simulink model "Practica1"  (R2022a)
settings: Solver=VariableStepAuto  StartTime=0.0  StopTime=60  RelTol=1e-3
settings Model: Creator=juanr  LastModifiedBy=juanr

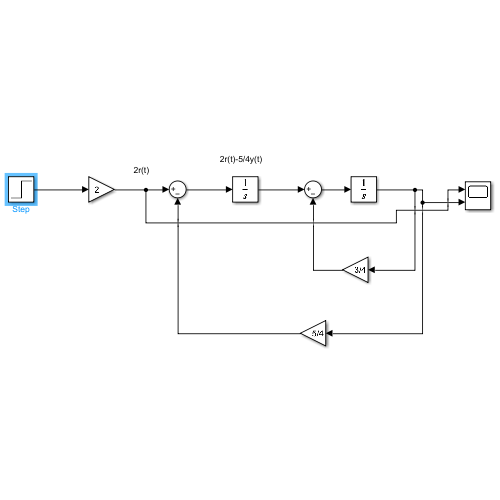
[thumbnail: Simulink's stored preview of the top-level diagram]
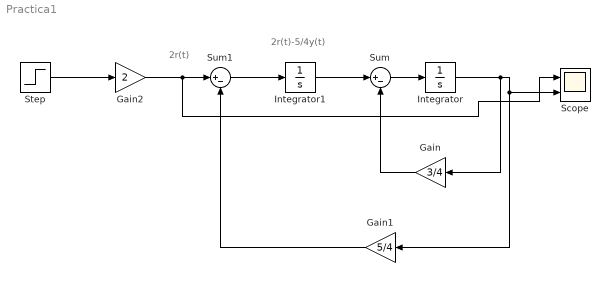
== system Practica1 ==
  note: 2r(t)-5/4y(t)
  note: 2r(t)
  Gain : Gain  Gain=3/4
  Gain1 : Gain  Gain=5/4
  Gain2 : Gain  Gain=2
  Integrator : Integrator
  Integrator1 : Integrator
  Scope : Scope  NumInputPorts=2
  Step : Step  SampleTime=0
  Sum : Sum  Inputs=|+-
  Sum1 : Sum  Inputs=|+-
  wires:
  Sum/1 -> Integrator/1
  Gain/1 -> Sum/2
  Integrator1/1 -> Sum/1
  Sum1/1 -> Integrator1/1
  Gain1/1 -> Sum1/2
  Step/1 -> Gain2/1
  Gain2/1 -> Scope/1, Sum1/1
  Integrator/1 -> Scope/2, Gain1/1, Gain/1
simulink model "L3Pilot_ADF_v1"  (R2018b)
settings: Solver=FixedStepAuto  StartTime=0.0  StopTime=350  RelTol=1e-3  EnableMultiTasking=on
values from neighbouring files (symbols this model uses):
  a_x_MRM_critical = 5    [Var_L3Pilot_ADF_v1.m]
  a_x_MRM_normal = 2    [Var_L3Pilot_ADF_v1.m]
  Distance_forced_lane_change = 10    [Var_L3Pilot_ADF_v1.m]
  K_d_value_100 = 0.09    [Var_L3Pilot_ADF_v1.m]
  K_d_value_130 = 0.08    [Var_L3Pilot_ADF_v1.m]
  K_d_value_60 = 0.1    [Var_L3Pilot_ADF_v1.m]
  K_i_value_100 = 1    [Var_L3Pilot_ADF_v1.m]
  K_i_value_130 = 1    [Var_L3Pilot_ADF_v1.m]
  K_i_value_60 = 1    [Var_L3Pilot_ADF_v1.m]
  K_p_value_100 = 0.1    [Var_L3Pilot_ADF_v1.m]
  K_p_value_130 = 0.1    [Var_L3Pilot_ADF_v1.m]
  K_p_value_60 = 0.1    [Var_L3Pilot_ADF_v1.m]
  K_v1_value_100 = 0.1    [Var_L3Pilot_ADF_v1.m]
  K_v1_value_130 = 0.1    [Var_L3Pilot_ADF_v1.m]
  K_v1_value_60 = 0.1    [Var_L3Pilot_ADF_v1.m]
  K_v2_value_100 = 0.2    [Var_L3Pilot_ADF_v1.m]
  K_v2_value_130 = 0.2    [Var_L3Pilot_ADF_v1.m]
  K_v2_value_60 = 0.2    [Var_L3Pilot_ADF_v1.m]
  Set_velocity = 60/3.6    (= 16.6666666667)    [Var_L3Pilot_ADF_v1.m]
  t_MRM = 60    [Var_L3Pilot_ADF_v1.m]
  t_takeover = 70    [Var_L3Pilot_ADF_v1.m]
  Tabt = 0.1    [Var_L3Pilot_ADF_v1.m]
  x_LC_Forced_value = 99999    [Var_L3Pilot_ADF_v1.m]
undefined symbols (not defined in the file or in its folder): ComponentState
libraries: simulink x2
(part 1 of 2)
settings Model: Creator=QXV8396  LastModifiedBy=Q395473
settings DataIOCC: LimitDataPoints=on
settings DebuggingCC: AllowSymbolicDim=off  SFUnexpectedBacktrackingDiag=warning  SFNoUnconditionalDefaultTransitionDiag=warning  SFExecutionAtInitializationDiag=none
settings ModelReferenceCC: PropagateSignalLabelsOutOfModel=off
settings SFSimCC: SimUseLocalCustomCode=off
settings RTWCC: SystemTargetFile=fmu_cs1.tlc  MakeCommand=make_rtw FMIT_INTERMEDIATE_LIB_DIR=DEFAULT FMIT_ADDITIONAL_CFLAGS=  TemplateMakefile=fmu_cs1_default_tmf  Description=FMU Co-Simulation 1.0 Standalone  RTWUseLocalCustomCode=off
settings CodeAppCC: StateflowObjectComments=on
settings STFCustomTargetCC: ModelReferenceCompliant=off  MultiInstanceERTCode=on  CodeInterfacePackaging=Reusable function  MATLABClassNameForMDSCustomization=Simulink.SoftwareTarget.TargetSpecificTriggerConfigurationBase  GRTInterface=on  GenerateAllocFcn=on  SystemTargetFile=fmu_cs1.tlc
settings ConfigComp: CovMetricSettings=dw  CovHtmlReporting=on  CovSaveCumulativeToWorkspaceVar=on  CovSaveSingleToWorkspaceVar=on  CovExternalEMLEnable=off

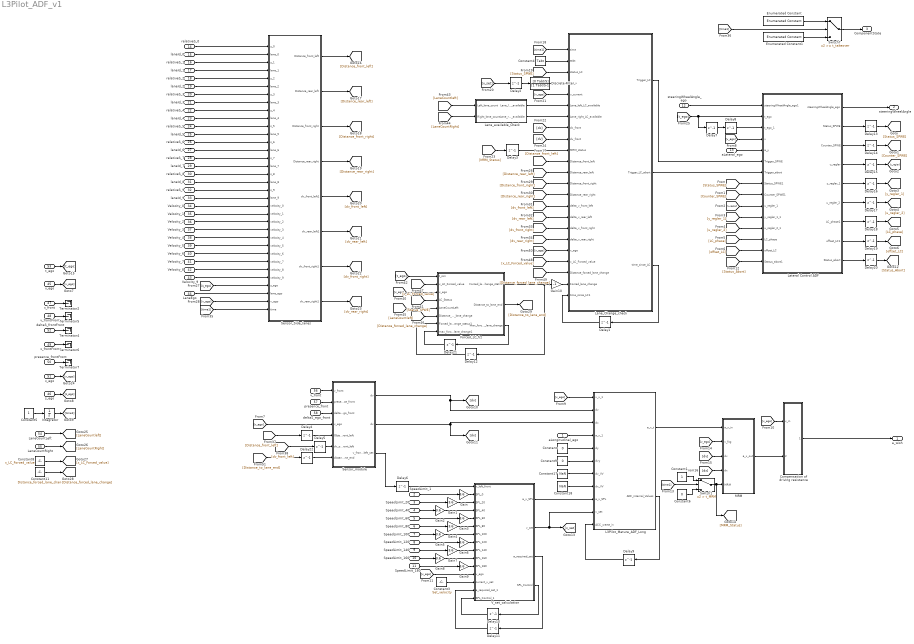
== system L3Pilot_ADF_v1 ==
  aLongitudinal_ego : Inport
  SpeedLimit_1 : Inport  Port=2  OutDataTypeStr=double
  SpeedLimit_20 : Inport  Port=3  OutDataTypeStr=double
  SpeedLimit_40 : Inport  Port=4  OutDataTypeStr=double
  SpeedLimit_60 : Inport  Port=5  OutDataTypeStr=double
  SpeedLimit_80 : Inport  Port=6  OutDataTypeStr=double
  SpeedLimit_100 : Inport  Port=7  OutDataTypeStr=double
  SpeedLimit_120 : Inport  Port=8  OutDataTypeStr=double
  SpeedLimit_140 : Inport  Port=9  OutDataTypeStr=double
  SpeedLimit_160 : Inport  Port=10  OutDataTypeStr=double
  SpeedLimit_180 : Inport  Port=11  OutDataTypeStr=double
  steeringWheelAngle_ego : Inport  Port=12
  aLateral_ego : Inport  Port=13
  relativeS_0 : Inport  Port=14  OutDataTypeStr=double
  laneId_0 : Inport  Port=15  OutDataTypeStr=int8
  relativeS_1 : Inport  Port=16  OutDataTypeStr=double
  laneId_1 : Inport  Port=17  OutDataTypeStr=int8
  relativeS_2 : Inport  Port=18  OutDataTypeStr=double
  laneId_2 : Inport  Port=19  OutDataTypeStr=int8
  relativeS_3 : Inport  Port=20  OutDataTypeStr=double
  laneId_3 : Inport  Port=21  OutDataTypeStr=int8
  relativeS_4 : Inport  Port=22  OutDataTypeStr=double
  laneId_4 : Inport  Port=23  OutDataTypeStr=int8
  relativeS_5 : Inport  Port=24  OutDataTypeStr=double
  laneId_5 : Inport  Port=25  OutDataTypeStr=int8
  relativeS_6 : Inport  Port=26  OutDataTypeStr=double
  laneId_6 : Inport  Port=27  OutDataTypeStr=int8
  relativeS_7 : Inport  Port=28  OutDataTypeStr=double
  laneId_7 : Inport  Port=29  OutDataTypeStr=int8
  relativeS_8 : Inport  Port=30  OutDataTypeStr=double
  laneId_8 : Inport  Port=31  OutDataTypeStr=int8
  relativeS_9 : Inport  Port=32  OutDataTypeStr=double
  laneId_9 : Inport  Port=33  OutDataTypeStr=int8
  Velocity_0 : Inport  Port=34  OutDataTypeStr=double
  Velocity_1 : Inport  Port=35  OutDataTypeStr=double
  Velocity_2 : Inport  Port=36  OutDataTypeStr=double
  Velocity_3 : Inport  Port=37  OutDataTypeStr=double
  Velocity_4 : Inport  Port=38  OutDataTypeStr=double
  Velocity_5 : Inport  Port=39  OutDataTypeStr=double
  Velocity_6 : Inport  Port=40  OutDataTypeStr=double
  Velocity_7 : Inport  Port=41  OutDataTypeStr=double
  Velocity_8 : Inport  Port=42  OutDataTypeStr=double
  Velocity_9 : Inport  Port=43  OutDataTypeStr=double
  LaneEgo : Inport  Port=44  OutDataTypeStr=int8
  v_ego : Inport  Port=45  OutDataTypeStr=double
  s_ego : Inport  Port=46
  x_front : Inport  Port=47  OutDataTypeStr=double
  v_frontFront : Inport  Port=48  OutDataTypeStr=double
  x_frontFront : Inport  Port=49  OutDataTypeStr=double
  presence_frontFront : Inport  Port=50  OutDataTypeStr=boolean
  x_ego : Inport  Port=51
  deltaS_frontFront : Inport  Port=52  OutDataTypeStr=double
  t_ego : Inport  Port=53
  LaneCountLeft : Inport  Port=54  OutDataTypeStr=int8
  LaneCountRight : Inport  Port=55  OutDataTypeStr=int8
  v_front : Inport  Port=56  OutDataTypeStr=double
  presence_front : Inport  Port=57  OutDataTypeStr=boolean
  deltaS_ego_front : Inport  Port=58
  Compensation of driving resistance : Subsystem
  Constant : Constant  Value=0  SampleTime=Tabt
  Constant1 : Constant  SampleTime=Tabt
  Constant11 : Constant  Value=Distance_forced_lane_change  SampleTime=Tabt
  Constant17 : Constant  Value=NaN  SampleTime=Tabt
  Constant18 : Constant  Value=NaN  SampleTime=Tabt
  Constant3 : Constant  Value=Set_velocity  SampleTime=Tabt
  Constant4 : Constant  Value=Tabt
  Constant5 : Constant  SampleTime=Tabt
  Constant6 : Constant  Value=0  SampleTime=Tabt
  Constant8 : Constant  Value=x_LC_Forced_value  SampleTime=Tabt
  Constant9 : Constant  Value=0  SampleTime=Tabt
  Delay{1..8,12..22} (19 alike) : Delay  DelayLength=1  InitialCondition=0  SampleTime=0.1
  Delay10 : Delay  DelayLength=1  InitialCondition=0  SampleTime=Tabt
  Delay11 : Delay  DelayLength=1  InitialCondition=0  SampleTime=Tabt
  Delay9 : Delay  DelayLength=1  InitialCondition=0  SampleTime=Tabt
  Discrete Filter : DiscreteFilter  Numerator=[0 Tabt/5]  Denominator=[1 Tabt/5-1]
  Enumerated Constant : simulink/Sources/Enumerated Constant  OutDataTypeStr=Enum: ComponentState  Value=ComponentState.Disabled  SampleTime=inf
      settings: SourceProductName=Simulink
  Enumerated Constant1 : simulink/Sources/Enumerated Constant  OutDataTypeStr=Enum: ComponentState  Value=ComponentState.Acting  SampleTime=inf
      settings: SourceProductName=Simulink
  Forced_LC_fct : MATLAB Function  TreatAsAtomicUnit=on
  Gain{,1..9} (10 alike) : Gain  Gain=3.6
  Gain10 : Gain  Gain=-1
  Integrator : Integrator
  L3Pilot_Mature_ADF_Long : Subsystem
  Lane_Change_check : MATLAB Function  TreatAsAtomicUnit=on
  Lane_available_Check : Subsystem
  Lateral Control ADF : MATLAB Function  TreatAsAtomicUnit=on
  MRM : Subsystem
◇ ◇ ◇ ◇ ◇ ◇ ◇
> _What to produce_: Word for word, restate the lines of the data above that fall between the line holding "K_i_value_100 = 1" and the line holding "settings ConfigComp: CovMetricSettings=dw", inclusive, and no other lines.

> _Solution to this task_:
  K_i_value_100 = 1    [Var_L3Pilot_ADF_v1.m]
  K_i_value_130 = 1    [Var_L3Pilot_ADF_v1.m]
  K_i_value_60 = 1    [Var_L3Pilot_ADF_v1.m]
  K_p_value_100 = 0.1    [Var_L3Pilot_ADF_v1.m]
  K_p_value_130 = 0.1    [Var_L3Pilot_ADF_v1.m]
  K_p_value_60 = 0.1    [Var_L3Pilot_ADF_v1.m]
  K_v1_value_100 = 0.1    [Var_L3Pilot_ADF_v1.m]
  K_v1_value_130 = 0.1    [Var_L3Pilot_ADF_v1.m]
  K_v1_value_60 = 0.1    [Var_L3Pilot_ADF_v1.m]
  K_v2_value_100 = 0.2    [Var_L3Pilot_ADF_v1.m]
  K_v2_value_130 = 0.2    [Var_L3Pilot_ADF_v1.m]
  K_v2_value_60 = 0.2    [Var_L3Pilot_ADF_v1.m]
  Set_velocity = 60/3.6    (= 16.6666666667)    [Var_L3Pilot_ADF_v1.m]
  t_MRM = 60    [Var_L3Pilot_ADF_v1.m]
  t_takeover = 70    [Var_L3Pilot_ADF_v1.m]
  Tabt = 0.1    [Var_L3Pilot_ADF_v1.m]
  x_LC_Forced_value = 99999    [Var_L3Pilot_ADF_v1.m]
undefined symbols (not defined in the file or in its folder): ComponentState
libraries: simulink x2
(part 1 of 2)
settings Model: Creator=QXV8396  LastModifiedBy=Q395473
settings DataIOCC: LimitDataPoints=on
settings DebuggingCC: AllowSymbolicDim=off  SFUnexpectedBacktrackingDiag=warning  SFNoUnconditionalDefaultTransitionDiag=warning  SFExecutionAtInitializationDiag=none
settings ModelReferenceCC: PropagateSignalLabelsOutOfModel=off
settings SFSimCC: SimUseLocalCustomCode=off
settings RTWCC: SystemTargetFile=fmu_cs1.tlc  MakeCommand=make_rtw FMIT_INTERMEDIATE_LIB_DIR=DEFAULT FMIT_ADDITIONAL_CFLAGS=  TemplateMakefile=fmu_cs1_default_tmf  Description=FMU Co-Simulation 1.0 Standalone  RTWUseLocalCustomCode=off
settings CodeAppCC: StateflowObjectComments=on
settings STFCustomTargetCC: ModelReferenceCompliant=off  MultiInstanceERTCode=on  CodeInterfacePackaging=Reusable function  MATLABClassNameForMDSCustomization=Simulink.SoftwareTarget.TargetSpecificTriggerConfigurationBase  GRTInterface=on  GenerateAllocFcn=on  SystemTargetFile=fmu_cs1.tlc
settings ConfigComp: CovMetricSettings=dw  CovHtmlReporting=on  CovSaveCumulativeToWorkspaceVar=on  CovSaveSingleToWorkspaceVar=on  CovExternalEMLEnable=off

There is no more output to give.